Я узнал Лермонтова в 1830 или 1831 году, когда он был еще отроком, а я ребенком. Он привезен был тогда из Москвы в Петербург, кажется, чтобы поступить в университет, но вместо того вступил в 1832 году в юнкерскую школу лейб-гусарским юнкером, а в офицеры произведен в тот же полк в начале 1835 года4. Мы находились в дальнем свойстве по Арсеньевым, к роду которых принадлежали мать Лермонтова и моя прабабушка. Старинные дружеские отношения в течение нескольких поколений тесно соединяли всех членов многочисленного рода, несмотря на то что кровная связь их с каждым поколением ослабевала. В Петербурге жил тогда Никита Васильевич Арсеньев (род. 1775 г., ум. 1847), родной брат деда Лермонтова и двоюродный брат моей бабушки; Лермонтов был поручен его попечениям. У Никиты Васильевича, большого хлебосола и весельчака, всеми любимого, собирались еженедельно по воскресеньям на обед и на вечер многочисленные родные, и там часто видал я Лермонтова, сперва в полуфраке, а потом юнкером. В 1836 году на святой неделе я был отпущен в Петербург из Царскосельского лицея, и, разумеется, на второй или третий день праздника я обедал у дедушки Никиты Васильевича (так его все родные называли). Тут обедал и Лермонтов, уже гусарский офицер, с которым я часто видался и в Царском Селе, где стоял его полк. Когда Лермонтов приезжал в Петербург, то занимал в то время комнаты в нижнем этаже обширного дома, принадлежавшего Никите Васильевичу (в Коломне, за Никольским мостом). После обеда Лермонтов позвал меня к себе вниз, угостил запрещенным тогда плодом – трубкой, сел за фортепьяно и пел презабавные русские и французские куплеты (он был живописец и немного музыкант). Как-то я подошел к окну и увидел на нем тетрадь in folio и очень толстую; на заглавном листе крупными буквами было написано: «Маскарад, драма». Я взял ее и спросил Лермонтова: его ли это сочинение? Он обернулся и сказал: «Оставь, оставь, это секрет». Но потом подошел, взял рукопись и сказал, улыбаясь: «Впрочем, я тебе прочту что-нибудь; это сочинение одного молодого человека», – и действительно, прочел мне несколько стихов, но каких, этого за давностью лет вспомнить не могу.

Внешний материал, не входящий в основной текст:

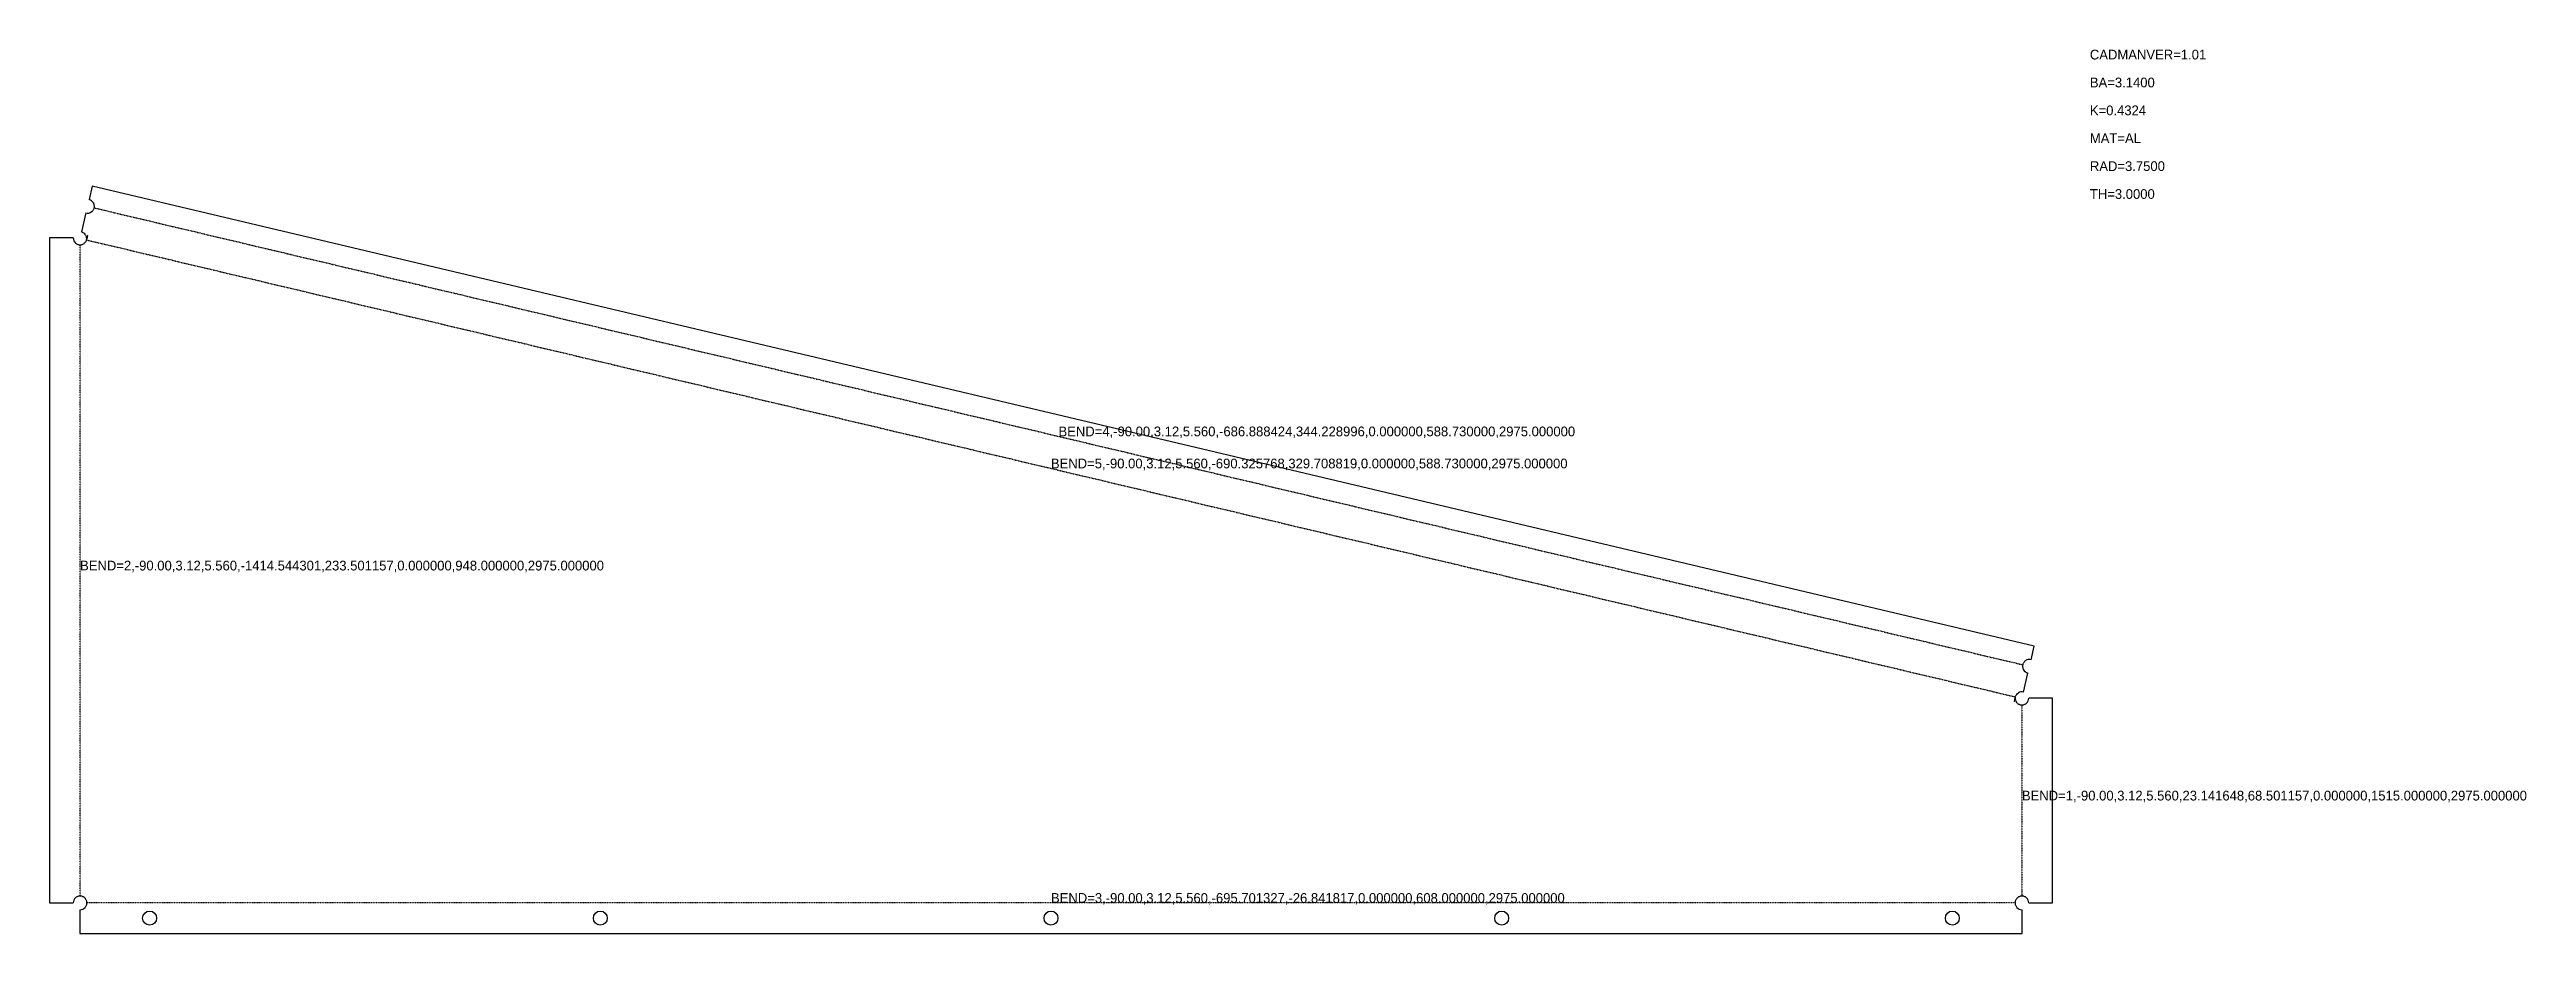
# Model space of a CAD drawing. Extents: x -1415 to 363, y -27 to 607.
import ezdxf

# ---------------------------------------------------------------- set-up
doc = ezdxf.new("R2010")
doc.units = 0
doc.header["$LTSCALE"] = 0.2
doc.linetypes.add('BORDER', pattern=[1.75, 0.5, -0.25, 0.5, -0.25, 0, -0.25])

msp = doc.modelspace()

# ---------------------------------------------------------------- linework, layer by layer
at = {"layer": '1', "color": 7, "linetype": 'CONTINUOUS'}
for p, q in [((-1383.888423, 509.228996), (-1386.192046, 499.497946)), ((10.111576, 179.228995), (-1383.888423, 509.228996)), ((-1388.459494, 489.919692), (-1391.684563, 476.296222)), ((-1384.401147, 490.751871), (-1384.544263, 490.618265)), ((-1384.401147, 490.751871), (-1384.035851, 491.030531)), ((-1384.035851, 491.030531), (-1383.705929, 491.328599)), ((-1383.705929, 491.328599), (-1383.411357, 491.64613)), ((-1383.411357, 491.64613), (-1383.151943, 491.983963)), ((-1383.151943, 491.983963), (-1382.92745, 492.343112)), ((-1383.005543, 497.11819), (-1382.937517, 496.934605)), ((-1382.746805, 496.478529), (-1382.937517, 496.934605)), ((-1382.92745, 492.343112), (-1382.737747, 492.724078)), ((-1382.593244, 496.033555), (-1382.746805, 496.478529)), ((-1382.737747, 492.724078), (-1382.582594, 493.127929)), ((-1382.476995, 495.598992), (-1382.593244, 496.033555)), ((-1382.582594, 493.127929), (-1382.517895, 493.338759)), ((-1382.517895, 493.338759), (-1382.488752, 493.446463)), ((-1382.488752, 493.446463), (-1382.474978, 493.500894)), ((-1382.398233, 495.174096), (-1382.476995, 495.598992)), ((-1382.474978, 493.500894), (-1382.461368, 493.557276)), ((-1382.461368, 493.557276), (-1382.388731, 493.949598)), ((-1382.357147, 494.758087), (-1382.398233, 495.174096)), ((-1382.388731, 493.949598), (-1382.353922, 494.350162)), ((-1382.353922, 494.350162), (-1382.357147, 494.758087)), ((-1414.544301, 472.001157), (-1414.544301, -4.998843)), ((-1397.544301, 472.001157), (-1414.544301, 472.001157)), ((-1395.799619, 468.243665), (-1395.9626, 468.352154)), ((-1395.799619, 468.243665), (-1395.444303, 467.952386)), ((-1395.444303, 467.952386), (-1395.07825, 467.7)), ((-1395.07825, 467.7), (-1394.701396, 467.486496)), ((-1394.701396, 467.486496), (-1394.312895, 467.311886)), ((-1394.312895, 467.311886), (-1393.911691, 467.176161)), ((-1393.911691, 467.176161), (-1393.49727, 467.079323)), ((-1393.49727, 467.079323), (-1393.068539, 467.021374)), ((-1393.068539, 467.021374), (-1392.848473, 467.006984)), ((-1392.848473, 467.006984), (-1392.736952, 467.003433)), ((-1392.736952, 467.003433), (-1392.680814, 467.002571)), ((-1392.680814, 467.002571), (-1392.622814, 467.002315)), ((-1392.622814, 467.002315), (-1392.224311, 467.022008)), ((-1392.224311, 467.022008), (-1391.826502, 467.080409)), ((-1391.826502, 467.080409), (-1391.430293, 467.177516)), ((-1391.430293, 467.177516), (-1391.034936, 467.313331)), ((-1391.034936, 467.313331), (-1390.639614, 467.487854)), ((-1390.639614, 467.487854), (-1390.243515, 467.701083)), ((-1390.243515, 467.701083), (-1389.698382, 467.95302)), ((-1389.698382, 467.95302), (-1389.345218, 468.486285)), ((-1388.994483, 468.8961), (-1389.345218, 468.486285)), ((-1388.994483, 468.8961), (-1388.596158, 469.293491)), ((-1388.656477, 474.174504), (-1388.350015, 473.369328)), ((-1388.596158, 469.293491), (-1388.28546, 469.687332)), ((-1388.350015, 473.369328), (-1388.130848, 472.544304)), ((-1388.28546, 469.687332), (-1388.056475, 470.10258)), ((-1387.956729, 471.991482), (-1388.130848, 472.544304)), ((-1388.056475, 470.10258), (-1387.970884, 470.325602)), ((-1387.970884, 470.325602), (-1387.935002, 470.44227)), ((-1387.856999, 471.493102), (-1387.956729, 471.991482)), ((-1387.935002, 470.44227), (-1387.903319, 470.564117)), ((-1387.903319, 470.564117), (-1387.133959, 473.81408)), ((-1387.837619, 471.023984), (-1387.856999, 471.493102)), ((-1387.3415, 473.863211), (-1387.837619, 471.023984)), ((-1387.3415, 473.863211), (-1387.133959, 473.81408)), ((7.807954, 169.497945), (10.111576, 179.228995)), ((1.737193, 165.468038), (1.702385, 165.067478)), ((1.702385, 165.067478), (1.705609, 164.659551)), ((1.705609, 164.659551), (1.746698, 164.24354)), ((1.809833, 165.860363), (1.737193, 165.468038)), ((1.746698, 164.24354), (1.825458, 163.818647)), ((1.82344, 165.916744), (1.809833, 165.860363)), ((1.837214, 165.971177), (1.82344, 165.916744)), ((1.825458, 163.818647), (1.941708, 163.38408)), ((1.866357, 166.07888), (1.837214, 165.971177)), ((1.931058, 166.28971), (1.866357, 166.07888)), ((2.086212, 166.693561), (1.931058, 166.28971)), ((1.941708, 163.38408), (2.095268, 162.939113)), ((2.27591, 167.074528), (2.086212, 166.693561)), ((2.095268, 162.939113), (2.285982, 162.483038)), ((2.500406, 167.433674), (2.27591, 167.074528)), ((2.354002, 162.29945), (2.285982, 162.483038)), ((2.759822, 167.771508), (2.500406, 167.433674)), ((3.054393, 168.089041), (2.759822, 167.771508)), ((3.384317, 168.387108), (3.054393, 168.089041)), ((3.749612, 168.665769), (3.384317, 168.387108)), ((3.749612, 168.665769), (3.892727, 168.799374)), ((-3.634378, 142.867739), (-4.403738, 139.617777)), ((-4.196198, 139.568646), (-3.700078, 142.407872)), ((-3.700078, 142.407872), (-3.680699, 141.938755)), ((-3.602693, 142.989586), (-3.634378, 142.867739)), ((-3.566813, 143.106256), (-3.602693, 142.989586)), ((-3.481222, 143.329276), (-3.566813, 143.106256)), ((-3.252238, 143.744522), (-3.481222, 143.329276)), ((-2.941539, 144.138366), (-3.252238, 143.744522)), ((-2.543214, 144.535754), (-2.941539, 144.138366)), ((-2.543214, 144.535754), (-1.977424, 145.174956)), ((-1.977424, 145.174956), (-1.342501, 145.757278)), ((2.315437, 146.296222), (5.540506, 159.919692)), ((-4.196198, 139.568646), (-4.403738, 139.617777)), ((-3.680699, 141.938755), (-3.580967, 141.440374)), ((-3.580967, 141.440374), (-3.486472, 140.551205)), ((-1.956644, 138.243665), (-2.119626, 138.352154)), ((-1.956644, 138.243665), (-1.601328, 137.952386)), ((-1.601328, 137.952386), (-1.235275, 137.7)), ((-1.235275, 137.7), (-0.858422, 137.486496)), ((-0.858422, 137.486496), (-0.469921, 137.311886)), ((-0.469921, 137.311886), (-0.068716, 137.176161)), ((-0.068716, 137.176161), (0.345705, 137.079323)), ((0.345705, 137.079323), (0.774438, 137.021374)), ((0.774438, 137.021374), (0.994502, 137.006984)), ((0.994502, 137.006984), (1.106022, 137.003433)), ((1.106022, 137.003433), (1.162163, 137.002571)), ((1.162163, 137.002571), (1.220161, 137.002315)), ((1.220161, 137.002315), (1.618664, 137.022008)), ((1.618664, 137.022008), (2.016473, 137.080409)), ((2.016473, 137.080409), (2.412681, 137.177516)), ((2.412681, 137.177516), (2.808038, 137.313331)), ((2.808038, 137.313331), (3.20336, 137.487854)), ((3.20336, 137.487854), (3.599459, 137.701083)), ((3.599459, 137.701083), (3.99709, 137.95302)), ((3.99709, 137.95302), (4.396965, 138.243665)), ((4.559947, 138.352153), (4.396965, 138.243665)), ((23.141648, 142.001157), (6.141648, 142.001157)), ((23.141648, -4.998843), (23.141648, 142.001157)), ((-1392.622814, 0), (-1393.021317, -0.019693)), ((-1392.564817, -0.000256), (-1392.622814, 0)), ((1.220161, 0), (0.821657, -0.019693)), ((1.278161, -0.000256), (1.220161, 0)), ((-1414.544301, -4.998843), (-1397.544301, -4.998843)), ((-1395.9626, -1.349838), (-1395.799619, -1.24135)), ((-1395.399744, -0.950705), (-1395.799619, -1.24135)), ((-1395.002113, -0.698768), (-1395.399744, -0.950705)), ((-1394.606014, -0.485539), (-1395.002113, -0.698768)), ((-1394.210692, -0.311016), (-1394.606014, -0.485539)), ((-1393.815335, -0.175201), (-1394.210692, -0.311016)), ((-1393.419126, -0.078094), (-1393.815335, -0.175201)), ((-1393.021317, -0.019693), (-1393.419126, -0.078094)), ((-1392.701327, -9.841817), (-1392.701327, -26.841817)), ((-1392.508676, -0.001118), (-1392.564817, -0.000256)), ((-1392.397156, -0.004669), (-1392.508676, -0.001118)), ((-1392.177092, -0.019059), (-1392.397156, -0.004669)), ((-1391.748358, -0.077008), (-1392.177092, -0.019059)), ((-1391.333937, -0.173846), (-1391.748358, -0.077008)), ((-1390.932733, -0.309571), (-1391.333937, -0.173846)), ((-1390.544232, -0.484181), (-1390.932733, -0.309571)), ((-1390.167378, -0.697685), (-1390.544232, -0.484181)), ((-1389.801325, -0.950071), (-1390.167378, -0.697685)), ((-1389.402654, -1.24135), (-1389.801325, -0.950071)), ((-1389.052323, -1.580544), (-1388.943835, -1.743525)), ((-1388.943835, -8.097135), (-1389.052323, -8.260116)), ((-1388.653189, -2.1434), (-1388.943835, -1.743525)), ((-1388.943835, -8.097135), (-1388.652555, -7.741819)), ((-1388.401252, -2.541031), (-1388.653189, -2.1434)), ((-1388.652555, -7.741819), (-1388.400169, -7.375766)), ((-1388.188024, -2.93713), (-1388.401252, -2.541031)), ((-1388.400169, -7.375766), (-1388.186665, -6.998912)), ((-1388.0135, -3.332452), (-1388.188024, -2.93713)), ((-1388.186665, -6.998912), (-1388.012055, -6.610411)), ((-1387.877685, -3.727809), (-1388.0135, -3.332452)), ((-1388.012055, -6.610411), (-1387.876331, -6.209207)), ((-1387.780579, -4.124018), (-1387.877685, -3.727809)), ((-1387.876331, -6.209207), (-1387.779492, -5.794786)), ((-1387.722177, -4.521826), (-1387.780579, -4.124018)), ((-1387.779492, -5.794786), (-1387.721543, -5.366055)), ((-1387.702484, -4.92033), (-1387.722177, -4.521826)), ((-1387.721543, -5.366055), (-1387.707154, -5.145988)), ((-1387.707154, -5.145988), (-1387.703602, -5.034468)), ((-1387.703602, -5.034468), (-1387.70274, -4.97833)), ((-1387.70274, -4.97833), (-1387.702484, -4.92033)), ((-3.699913, -4.862332), (-3.700169, -4.92033)), ((-3.700169, -4.92033), (-3.680476, -5.318833)), ((-3.699051, -4.806191), (-3.699913, -4.862332)), ((-3.6955, -4.694671), (-3.699051, -4.806191)), ((-3.68111, -4.474608), (-3.6955, -4.694671)), ((-3.623161, -4.045874), (-3.68111, -4.474608)), ((-3.680476, -5.318833), (-3.622075, -5.716642)), ((-3.526323, -3.631453), (-3.623161, -4.045874)), ((-3.622075, -5.716642), (-3.524969, -6.112851)), ((-3.390598, -3.230249), (-3.526323, -3.631453)), ((-3.524969, -6.112851), (-3.389154, -6.508208)), ((-3.215988, -2.841748), (-3.390598, -3.230249)), ((-3.389154, -6.508208), (-3.21463, -6.90353)), ((-3.002484, -2.464894), (-3.215988, -2.841748)), ((-3.21463, -6.90353), (-3.001402, -7.299629)), ((-2.750098, -2.098841), (-3.002484, -2.464894)), ((-3.001402, -7.299629), (-2.749465, -7.697259)), ((-2.458819, -1.700169), (-2.750098, -2.098841)), ((-2.749465, -7.697259), (-2.458819, -8.097135)), ((-2.350331, -8.260116), (-2.458819, -8.097135)), ((-2.119626, -1.349839), (-1.956644, -1.24135)), ((-1.556769, -0.950705), (-1.956644, -1.24135)), ((-1.159138, -0.698768), (-1.556769, -0.950705)), ((-0.763039, -0.485539), (-1.159138, -0.698768)), ((-0.367717, -0.311016), (-0.763039, -0.485539)), ((0.02764, -0.175201), (-0.367717, -0.311016)), ((0.423849, -0.078094), (0.02764, -0.175201)), ((0.821657, -0.019693), (0.423849, -0.078094)), ((1.334299, -0.001118), (1.278161, -0.000256)), ((1.298673, -26.841817), (1.298673, -9.841817)), ((1.445819, -0.004669), (1.334299, -0.001118)), ((1.665886, -0.019059), (1.445819, -0.004669)), ((2.094617, -0.077008), (1.665886, -0.019059)), ((2.509037, -0.173846), (2.094617, -0.077008)), ((2.910242, -0.309571), (2.509037, -0.173846)), ((3.298743, -0.484181), (2.910242, -0.309571)), ((3.675597, -0.697685), (3.298743, -0.484181)), ((4.04165, -0.950071), (3.675597, -0.697685)), ((4.396965, -1.24135), (4.04165, -0.950071)), ((4.396965, -1.24135), (4.559947, -1.349839)), ((6.141648, -4.998843), (23.141648, -4.998843)), ((-1392.701327, -26.841817), (1.298673, -26.841817))]:
    msp.add_line(p, q, dxfattribs=at)
for centre, radius, start, end in [((-1387.343855, 494.632422), 4.999999, 29.811869, 76.681628), ((-1387.307684, 494.785217), 4.999999, -103.318386, -56.448629), ((-1392.544301, 472.001157), 4.999999, 180, -133.130304), ((-1392.836373, 471.430697), 5, 33.282077, 76.681614), ((6.692316, 164.785217), 5, -150.188153, -103.318386), ((6.656145, 164.632421), 4.999998, 76.681628, 123.551337), ((1.163627, 141.430697), 4.999998, 76.681614, 120.081128), ((1.298673, 142.001157), 4.999999, -163.142603, -133.130304), ((1.141648, 142.001157), 5, -46.869705, 0), ((-1392.544301, -4.998843), 5, 133.130295, 180), ((-1392.701327, -4.841817), 4.999999, -90, -43.130304), ((-1392.701327, -4.998843), 4.999999, 43.130304, 48.720354), ((1.298673, -4.998843), 4.999999, 133.130304, 138.720354), ((1.298673, -4.841817), 5, -136.869705, -90), ((1.141648, -4.998843), 4.999999, 0, 46.869696)]:
    msp.add_arc(centre, radius, start, end, dxfattribs=at)
at = {"layer": '2', "color": 7, "linetype": 'BORDER'}
for p, q in [((-1382.461368, 493.557276), (1.809833, 165.860363)), ((-1392.622814, 0), (-1392.622814, 467.002315)), ((-1387.903319, 470.564117), (-3.634378, 142.867739)), ((1.220161, 137.002315), (1.220161, 0)), ((-3.700169, -4.92033), (-1387.702484, -4.92033))]:
    msp.add_line(p, q, dxfattribs=at)
at = {"layer": '3', "color": 7, "linetype": 'CONTINUOUS'}
for centre in [(-1342.701327, -15.841817), (-1019.201327, -15.841817), (-695.701327, -15.841817), (-372.201327, -15.841817), (-48.701327, -15.841817)]:
    msp.add_circle(centre, 5, dxfattribs=at)

# ---------------------------------------------------------------- texts
at = {"layer": '1', "color": 7, "linetype": 'CONTINUOUS'}
for s, p in [('CADMANVER=1.01', (50, 600)), ('BA=3.1400', (50, 580)), ('K=0.4324', (50, 560)), ('MAT=AL', (50, 540)), ('RAD=3.7500', (50, 520)), ('TH=3.0000', (50, 500))]:
    msp.add_text(s, height=7, dxfattribs=at).set_placement(p)
at = {"layer": '2', "color": 7, "linetype": 'CONTINUOUS'}
for s, p in [('BEND=4,-90.00,3.12,5.560,-686.888424,344.228996,0.000000,588.730000,2975.000000', (-690.325768, 329.708819)), ('BEND=5,-90.00,3.12,5.560,-690.325768,329.708819,0.000000,588.730000,2975.000000', (-695.768848, 306.715928)), ('BEND=2,-90.00,3.12,5.560,-1414.544301,233.501157,0.000000,948.000000,2975.000000', (-1392.622814, 233.501157)), ('BEND=1,-90.00,3.12,5.560,23.141648,68.501157,0.000000,1515.000000,2975.000000', (1.220161, 68.501157)), ('BEND=3,-90.00,3.12,5.560,-695.701327,-26.841817,0.000000,608.000000,2975.000000', (-695.701327, -4.92033))]:
    msp.add_text(s, height=7, dxfattribs=at).set_placement(p)

doc.saveas('drawing.dxf')

Здесь не место входить в описание дальнейших сношений моих с Лермонтовым. Я хотел только определить время сочинения единственной вполне сохранившейся драмы его. Из сказанного выше видно, что она написана была в первый период его авторства, когда один только «Хаджи Абрек» его был напечатан. Может быть, он и исправлял потом «Маскарад», который я видел тщательно переписанным в апреле 1836 года, но едва ли сделал в нем существенные перемены6, тем более что в позднейшее время он, кажется, вовсе не принимался за драматический род.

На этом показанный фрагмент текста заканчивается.